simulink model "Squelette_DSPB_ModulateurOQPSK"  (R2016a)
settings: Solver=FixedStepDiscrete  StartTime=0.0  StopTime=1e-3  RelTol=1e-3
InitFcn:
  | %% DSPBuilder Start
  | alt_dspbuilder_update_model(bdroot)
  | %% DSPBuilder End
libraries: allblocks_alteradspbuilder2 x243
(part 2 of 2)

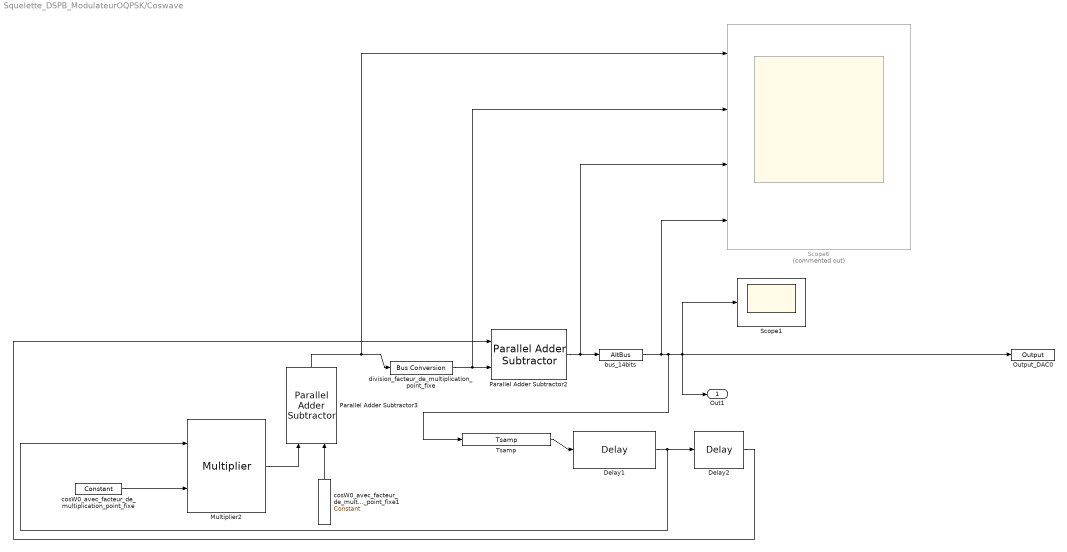
== system Squelette_DSPB_ModulateurOQPSK/Coswave ==
  Delay1 : allblocks_alteradspbuilder2/Delay  pipeline=1  pipeline_display=1  ClockPhase=1  use_ena=off  use_sclr=off  allowFloatingPointOverride=on  logOutputs=off  logFile=U:\S6\Projet\Squelette_ModulateurOQPSK__ORIG\tb_Squelette_DSPB_ModulateurOQPSK\Squelette%5FDSPB%5FModulateurOQPSK_Coswave_Delay1.fixedpointlog  use_init=on  reset_value=0.782390810576588
  Delay2 : allblocks_alteradspbuilder2/Delay  pipeline=1  pipeline_display=1  ClockPhase=1  use_ena=off  use_sclr=off  allowFloatingPointOverride=on  logOutputs=off  logFile=U:\S6\Projet\Squelette_ModulateurOQPSK__ORIG\tb_Squelette_DSPB_ModulateurOQPSK\Squelette%5FDSPB%5FModulateurOQPSK_Coswave_Delay2.fixedpointlog  use_init=on  reset_value=0.224270760949381
  Multiplier2 : allblocks_alteradspbuilder2/Multiplier  BusType=Signed Fractional  bwl=8  bwr=20  pipeline=0  pipeline_display=0  allowFloatingPointOverride=on  logOutputs=off  logFile=U:\S6\Projet\Squelette_ModulateurOQPSK__ORIG\tb_Squelette_DSPB_ModulateurOQPSK\Squelette%5FDSPB%5FModulateurOQPSK_Coswave_Multiplier2.fixedpointlog  UseEqualInputWidth=off  bbwl=8  bbwr=20  FullResolution=on  OutputMsb=8  OutputLsb=0  OutputBwl=16  OutputBwr=16  UseDedicatedCircuitry=YES  use_ena=off  use_aclr=off
  Output_DAC0 : allblocks_alteradspbuilder2/Output  iofile=U:\S6\Projet\Squelette_ModulateurOQPSK__ORIG\tb_Squelette_DSPB_ModulateurOQPSK\Squelette%5FDSPB%5FModulateurOQPSK_Coswave_Output%5FDAC0.capture  BusType=Signed Integer  bwl=14  bwr=0  externalType=Inferred  PORTTYPE=Output  allowFloatingPointOverride=on  logOutputs=off
  Parallel Adder Subtractor2 : allblocks_alteradspbuilder2/Parallel Adder Subtractor  number_of_inputs=2  direction=-+  use_pipeline=off  pipeline_display=0  phase_selection=1  use_ena=off  use_aclr=off  allowFloatingPointOverride=on  logOutputs=off  logFile=U:\S6\Projet\Squelette_ModulateurOQPSK__ORIG\tb_Squelette_DSPB_ModulateurOQPSK\Squelette%5FDSPB%5FModulateurOQPSK_Coswave_Parallel+Adder+Subtractor2.fixedpointlog
  Parallel Adder Subtractor3 : allblocks_alteradspbuilder2/Parallel Adder Subtractor  number_of_inputs=2  direction=+  use_pipeline=off  pipeline_display=0  phase_selection=1  use_ena=off  use_aclr=off  allowFloatingPointOverride=on  logOutputs=off  logFile=U:\S6\Projet\Squelette_ModulateurOQPSK__ORIG\tb_Squelette_DSPB_ModulateurOQPSK\Squelette%5FDSPB%5FModulateurOQPSK_Coswave_Parallel+Adder+Subtractor3.fixedpointlog
  Scope1 : Scope
  Scope6 : Scope  Commented=on  NumInputPorts=4
  Tsamp : allblocks_alteradspbuilder2/Tsamp  SpecifyClock=on  clock=Clock_100MHz
  bus_14bits : allblocks_alteradspbuilder2/AltBus  BusType=Signed Fractional  bwl=14  bwr=14  saturate=off  floatingPointInput=on  floatingPointOutput=on  logOutputs=off  logFile=U:\S6\Projet\Squelette_ModulateurOQPSK__ORIG\tb_Squelette_DSPB_ModulateurOQPSK\Squelette%5FDSPB%5FModulateurOQPSK_Coswave_bus%5F14bits.fixedpointlog
  cosW0_avec_facteur_de_multiplication_point_fixe : allblocks_alteradspbuilder2/Constant  mask_cst=1.564781621153176  BusType=Signed Fractional  bwl=19  bwr=19  roundMode=Truncate  satMode=Wrap  SpecifyClock=off  allowFloatingPointOverride=on  logOutputs=off  logFile=U:\S6\Projet\Squelette_ModulateurOQPSK__ORIG\tb_Squelette_DSPB_ModulateurOQPSK\Squelette%5FDSPB%5FModulateurOQPSK_Coswave_cosW0%5Favec%5Ffacteur%5Fde%5Fmultiplication%5Fpoint%5Ffixe.fixedpointlog
  cosW0_avec_facteur_de_multiplication_point_fixe1 : allblocks_alteradspbuilder2/Constant  mask_cst=2^-15  BusType=Signed Fractional  bwl=8  bwr=40  roundMode=Truncate  satMode=Wrap  SpecifyClock=off  allowFloatingPointOverride=on  logOutputs=off  logFile=U:\S6\Projet\Squelette_ModulateurOQPSK__ORIG\tb_Squelette_DSPB_ModulateurOQPSK\Squelette%5FDSPB%5FModulateurOQPSK_Coswave_cosW0%5Favec%5Ffacteur%5Fde%5Fmultiplication%5Fpoint%5Ffixe1.fixedpointlog
  division_facteur_de_multiplication_point_fixe : allblocks_alteradspbuilder2/Bus Conversion  BusType=Signed Fractional  ibwl=16  ibwr=40  bwl=8  bwr=20  bitToConnectToOutputLSB=16  round=off  saturate=off  pipeline_display=0
  Out1 : Outport
  wires:
  Parallel Adder Subtractor2/1 -> Scope6/3, bus_14bits/1
  Tsamp/1 -> Delay1/1
  cosW0_avec_facteur_de_multiplication_point_fixe1/1 -> Parallel Adder Subtractor3/2
  Multiplier2/1 -> Parallel Adder Subtractor3/1
  division_facteur_de_multiplication_point_fixe/1 -> Scope6/2, Parallel Adder Subtractor2/2
  Delay2/1 -> Parallel Adder Subtractor2/1
  Parallel Adder Subtractor3/1 -> Scope6/1, division_facteur_de_multiplication_point_fixe/1
  Delay1/1 -> Delay2/1, Multiplier2/1
  cosW0_avec_facteur_de_multiplication_point_fixe/1 -> Multiplier2/2
  bus_14bits/1 -> Scope6/4, Out1/1, Scope1/1, Output_DAC0/1, Tsamp/1

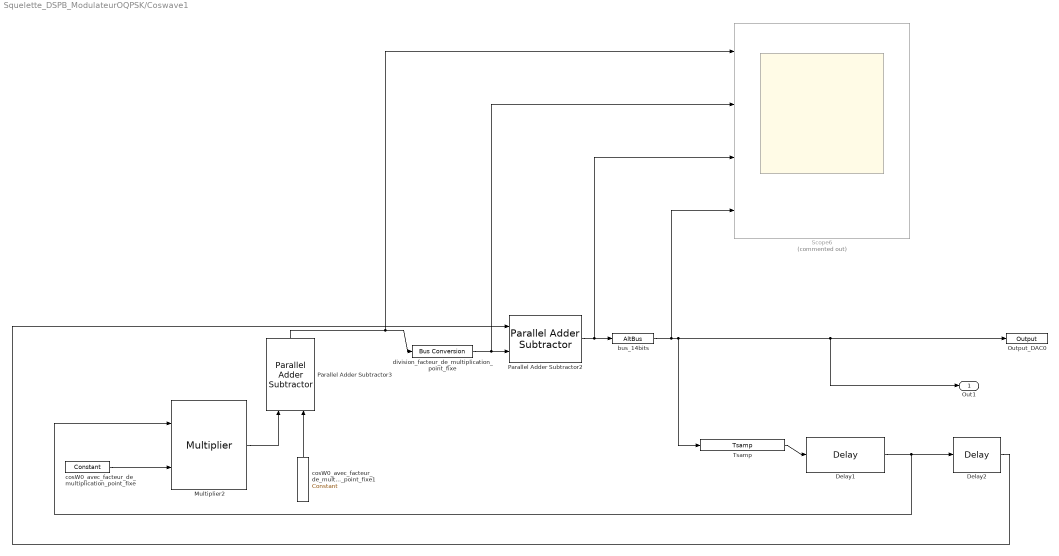
== system Squelette_DSPB_ModulateurOQPSK/Coswave1 ==
  Delay1 : allblocks_alteradspbuilder2/Delay  pipeline=1  pipeline_display=1  ClockPhase=1  use_ena=off  use_sclr=off  allowFloatingPointOverride=on  logOutputs=off  logFile=U:\S6\Projet\Squelette_ModulateurOQPSK__ORIG\tb_Squelette_DSPB_ModulateurOQPSK\Squelette%5FDSPB%5FModulateurOQPSK_Coswave1_Delay1.fixedpointlog  use_init=on  reset_value=0.782390810576588
  Delay2 : allblocks_alteradspbuilder2/Delay  pipeline=1  pipeline_display=1  ClockPhase=1  use_ena=off  use_sclr=off  allowFloatingPointOverride=on  logOutputs=off  logFile=U:\S6\Projet\Squelette_ModulateurOQPSK__ORIG\tb_Squelette_DSPB_ModulateurOQPSK\Squelette%5FDSPB%5FModulateurOQPSK_Coswave1_Delay2.fixedpointlog  use_init=on  reset_value=0.224270760949381
  Multiplier2 : allblocks_alteradspbuilder2/Multiplier  BusType=Signed Fractional  bwl=8  bwr=20  pipeline=0  pipeline_display=0  allowFloatingPointOverride=on  logOutputs=off  logFile=U:\S6\Projet\Squelette_ModulateurOQPSK__ORIG\tb_Squelette_DSPB_ModulateurOQPSK\Squelette%5FDSPB%5FModulateurOQPSK_Coswave1_Multiplier2.fixedpointlog  UseEqualInputWidth=off  bbwl=8  bbwr=20  FullResolution=on  OutputMsb=8  OutputLsb=0  OutputBwl=16  OutputBwr=16  UseDedicatedCircuitry=YES  use_ena=off  use_aclr=off
  Output_DAC0 : allblocks_alteradspbuilder2/Output  iofile=U:\S6\Projet\Squelette_ModulateurOQPSK__ORIG\tb_Squelette_DSPB_ModulateurOQPSK\Squelette%5FDSPB%5FModulateurOQPSK_Coswave1_Output%5FDAC0.capture  BusType=Signed Integer  bwl=14  bwr=0  externalType=Inferred  PORTTYPE=Output  allowFloatingPointOverride=on  logOutputs=off
  Parallel Adder Subtractor2 : allblocks_alteradspbuilder2/Parallel Adder Subtractor  number_of_inputs=2  direction=-+  use_pipeline=off  pipeline_display=0  phase_selection=1  use_ena=off  use_aclr=off  allowFloatingPointOverride=on  logOutputs=off  logFile=U:\S6\Projet\Squelette_ModulateurOQPSK__ORIG\tb_Squelette_DSPB_ModulateurOQPSK\Squelette%5FDSPB%5FModulateurOQPSK_Coswave1_Parallel+Adder+Subtractor2.fixedpointlog
  Parallel Adder Subtractor3 : allblocks_alteradspbuilder2/Parallel Adder Subtractor  number_of_inputs=2  direction=+  use_pipeline=off  pipeline_display=0  phase_selection=1  use_ena=off  use_aclr=off  allowFloatingPointOverride=on  logOutputs=off  logFile=U:\S6\Projet\Squelette_ModulateurOQPSK__ORIG\tb_Squelette_DSPB_ModulateurOQPSK\Squelette%5FDSPB%5FModulateurOQPSK_Coswave1_Parallel+Adder+Subtractor3.fixedpointlog
  Scope6 : Scope  Commented=on  NumInputPorts=4
  Tsamp : allblocks_alteradspbuilder2/Tsamp  SpecifyClock=on  clock=Clock_100MHz
  bus_14bits : allblocks_alteradspbuilder2/AltBus  BusType=Signed Fractional  bwl=14  bwr=14  saturate=off  floatingPointInput=on  floatingPointOutput=on  logOutputs=off  logFile=U:\S6\Projet\Squelette_ModulateurOQPSK__ORIG\tb_Squelette_DSPB_ModulateurOQPSK\Squelette%5FDSPB%5FModulateurOQPSK_Coswave1_bus%5F14bits.fixedpointlog
  cosW0_avec_facteur_de_multiplication_point_fixe : allblocks_alteradspbuilder2/Constant  mask_cst=1.564781621153176  BusType=Signed Fractional  bwl=19  bwr=19  roundMode=Truncate  satMode=Wrap  SpecifyClock=off  allowFloatingPointOverride=on  logOutputs=off  logFile=U:\S6\Projet\Squelette_ModulateurOQPSK__ORIG\tb_Squelette_DSPB_ModulateurOQPSK\Squelette%5FDSPB%5FModulateurOQPSK_Coswave1_cosW0%5Favec%5Ffacteur%5Fde%5Fmultiplication%5Fpoint%5Ffixe.fixedpointlog
  cosW0_avec_facteur_de_multiplication_point_fixe1 : allblocks_alteradspbuilder2/Constant  mask_cst=2^-15  BusType=Signed Fractional  bwl=8  bwr=40  roundMode=Truncate  satMode=Wrap  SpecifyClock=off  allowFloatingPointOverride=on  logOutputs=off  logFile=U:\S6\Projet\Squelette_ModulateurOQPSK__ORIG\tb_Squelette_DSPB_ModulateurOQPSK\Squelette%5FDSPB%5FModulateurOQPSK_Coswave1_cosW0%5Favec%5Ffacteur%5Fde%5Fmultiplication%5Fpoint%5Ffixe1.fixedpointlog
  division_facteur_de_multiplication_point_fixe : allblocks_alteradspbuilder2/Bus Conversion  BusType=Signed Fractional  ibwl=16  ibwr=40  bwl=8  bwr=20  bitToConnectToOutputLSB=16  round=off  saturate=off  pipeline_display=0
  Out1 : Outport
  wires:
  Parallel Adder Subtractor2/1 -> Scope6/3, bus_14bits/1
  Tsamp/1 -> Delay1/1
  cosW0_avec_facteur_de_multiplication_point_fixe1/1 -> Parallel Adder Subtractor3/2
  Multiplier2/1 -> Parallel Adder Subtractor3/1
  division_facteur_de_multiplication_point_fixe/1 -> Scope6/2, Parallel Adder Subtractor2/2
  Delay2/1 -> Parallel Adder Subtractor2/1
  Parallel Adder Subtractor3/1 -> Scope6/1, division_facteur_de_multiplication_point_fixe/1
  Delay1/1 -> Multiplier2/1, Delay2/1
  cosW0_avec_facteur_de_multiplication_point_fixe/1 -> Multiplier2/2
  bus_14bits/1 -> Scope6/4, Out1/1, Output_DAC0/1, Tsamp/1

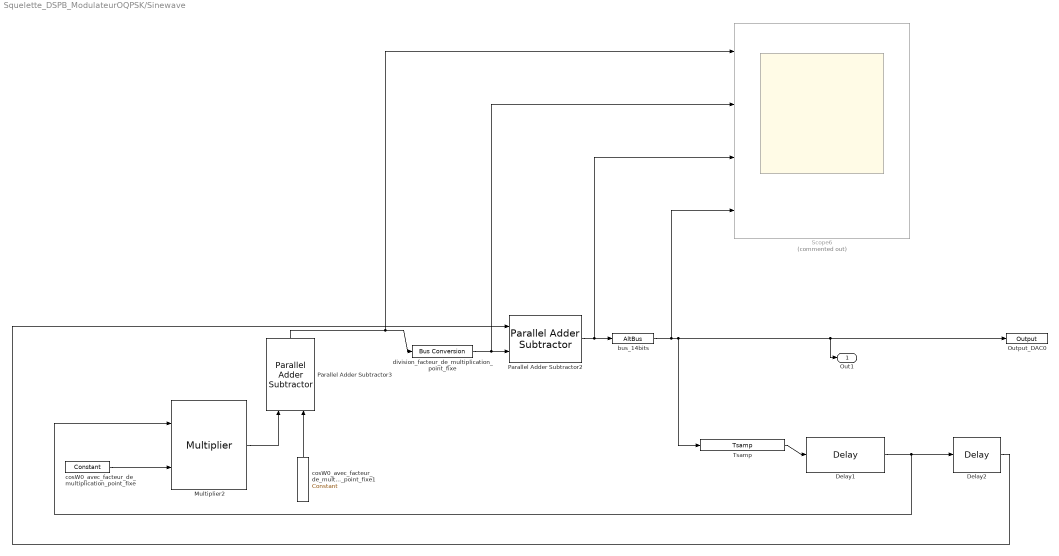
== system Squelette_DSPB_ModulateurOQPSK/Sinewave ==
  Delay1 : allblocks_alteradspbuilder2/Delay  pipeline=1  pipeline_display=1  ClockPhase=1  use_ena=off  use_sclr=off  allowFloatingPointOverride=on  logOutputs=off  logFile=U:\S6\Projet\Squelette_ModulateurOQPSK__ORIG\tb_Squelette_DSPB_ModulateurOQPSK\Squelette%5FDSPB%5FModulateurOQPSK_Sinewave_Delay1.fixedpointlog  use_init=on  reset_value=0.622787780488113
  Delay2 : allblocks_alteradspbuilder2/Delay  pipeline=1  pipeline_display=1  ClockPhase=1  use_ena=off  use_sclr=off  allowFloatingPointOverride=on  logOutputs=off  logFile=U:\S6\Projet\Squelette_ModulateurOQPSK__ORIG\tb_Squelette_DSPB_ModulateurOQPSK\Squelette%5FDSPB%5FModulateurOQPSK_Sinewave_Delay2.fixedpointlog  use_init=on  reset_value=0.974526872786577
  Multiplier2 : allblocks_alteradspbuilder2/Multiplier  BusType=Signed Fractional  bwl=8  bwr=20  pipeline=0  pipeline_display=0  allowFloatingPointOverride=on  logOutputs=off  logFile=U:\S6\Projet\Squelette_ModulateurOQPSK__ORIG\tb_Squelette_DSPB_ModulateurOQPSK\Squelette%5FDSPB%5FModulateurOQPSK_Sinewave_Multiplier2.fixedpointlog  UseEqualInputWidth=off  bbwl=8  bbwr=20  FullResolution=on  OutputMsb=8  OutputLsb=0  OutputBwl=16  OutputBwr=16  UseDedicatedCircuitry=YES  use_ena=off  use_aclr=off
  Output_DAC0 : allblocks_alteradspbuilder2/Output  iofile=U:\S6\Projet\Squelette_ModulateurOQPSK__ORIG\tb_Squelette_DSPB_ModulateurOQPSK\Squelette%5FDSPB%5FModulateurOQPSK_Sinewave_Output%5FDAC0.capture  BusType=Signed Integer  bwl=14  bwr=0  externalType=Inferred  PORTTYPE=Output  allowFloatingPointOverride=on  logOutputs=off
  Parallel Adder Subtractor2 : allblocks_alteradspbuilder2/Parallel Adder Subtractor  number_of_inputs=2  direction=-+  use_pipeline=off  pipeline_display=0  phase_selection=1  use_ena=off  use_aclr=off  allowFloatingPointOverride=on  logOutputs=off  logFile=U:\S6\Projet\Squelette_ModulateurOQPSK__ORIG\tb_Squelette_DSPB_ModulateurOQPSK\Squelette%5FDSPB%5FModulateurOQPSK_Sinewave_Parallel+Adder+Subtractor2.fixedpointlog
  Parallel Adder Subtractor3 : allblocks_alteradspbuilder2/Parallel Adder Subtractor  number_of_inputs=2  direction=+  use_pipeline=off  pipeline_display=0  phase_selection=1  use_ena=off  use_aclr=off  allowFloatingPointOverride=on  logOutputs=off  logFile=U:\S6\Projet\Squelette_ModulateurOQPSK__ORIG\tb_Squelette_DSPB_ModulateurOQPSK\Squelette%5FDSPB%5FModulateurOQPSK_Sinewave_Parallel+Adder+Subtractor3.fixedpointlog
  Scope6 : Scope  Commented=on  NumInputPorts=4
  Tsamp : allblocks_alteradspbuilder2/Tsamp  SpecifyClock=on  clock=Clock_100MHz
  bus_14bits : allblocks_alteradspbuilder2/AltBus  BusType=Signed Fractional  bwl=14  bwr=14  saturate=off  floatingPointInput=on  floatingPointOutput=on  logOutputs=off  logFile=U:\S6\Projet\Squelette_ModulateurOQPSK__ORIG\tb_Squelette_DSPB_ModulateurOQPSK\Squelette%5FDSPB%5FModulateurOQPSK_Sinewave_bus%5F14bits.fixedpointlog
  cosW0_avec_facteur_de_multiplication_point_fixe : allblocks_alteradspbuilder2/Constant  mask_cst=1.564781621153176  BusType=Signed Fractional  bwl=19  bwr=19  roundMode=Truncate  satMode=Wrap  SpecifyClock=off  allowFloatingPointOverride=on  logOutputs=off  logFile=U:\S6\Projet\Squelette_ModulateurOQPSK__ORIG\tb_Squelette_DSPB_ModulateurOQPSK\Squelette%5FDSPB%5FModulateurOQPSK_Sinewave_cosW0%5Favec%5Ffacteur%5Fde%5Fmultiplication%5Fpoint%5Ffixe.fixedpointlog
  cosW0_avec_facteur_de_multiplication_point_fixe1 : allblocks_alteradspbuilder2/Constant  mask_cst=2^-15  BusType=Signed Fractional  bwl=8  bwr=40  roundMode=Truncate  satMode=Wrap  SpecifyClock=off  allowFloatingPointOverride=on  logOutputs=off  logFile=U:\S6\Projet\Squelette_ModulateurOQPSK__ORIG\tb_Squelette_DSPB_ModulateurOQPSK\Squelette%5FDSPB%5FModulateurOQPSK_Sinewave_cosW0%5Favec%5Ffacteur%5Fde%5Fmultiplication%5Fpoint%5Ffixe1.fixedpointlog
  division_facteur_de_multiplication_point_fixe : allblocks_alteradspbuilder2/Bus Conversion  BusType=Signed Fractional  ibwl=16  ibwr=40  bwl=8  bwr=20  bitToConnectToOutputLSB=16  round=off  saturate=off  pipeline_display=0
  Out1 : Outport
  wires:
  Parallel Adder Subtractor2/1 -> Scope6/3, bus_14bits/1
  Tsamp/1 -> Delay1/1
  cosW0_avec_facteur_de_multiplication_point_fixe1/1 -> Parallel Adder Subtractor3/2
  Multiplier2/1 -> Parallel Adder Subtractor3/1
• • • • • • •
● **Required work**: Take the lines from the first line of the listing up to and including the line with "libraries: allblocks_alteradspbuilder2 x243" and give them again exactly.

● **Solution to this problem**:
simulink model "Squelette_DSPB_ModulateurOQPSK"  (R2016a)
settings: Solver=FixedStepDiscrete  StartTime=0.0  StopTime=1e-3  RelTol=1e-3
InitFcn:
  | %% DSPBuilder Start
  | alt_dspbuilder_update_model(bdroot)
  | %% DSPBuilder End
libraries: allblocks_alteradspbuilder2 x243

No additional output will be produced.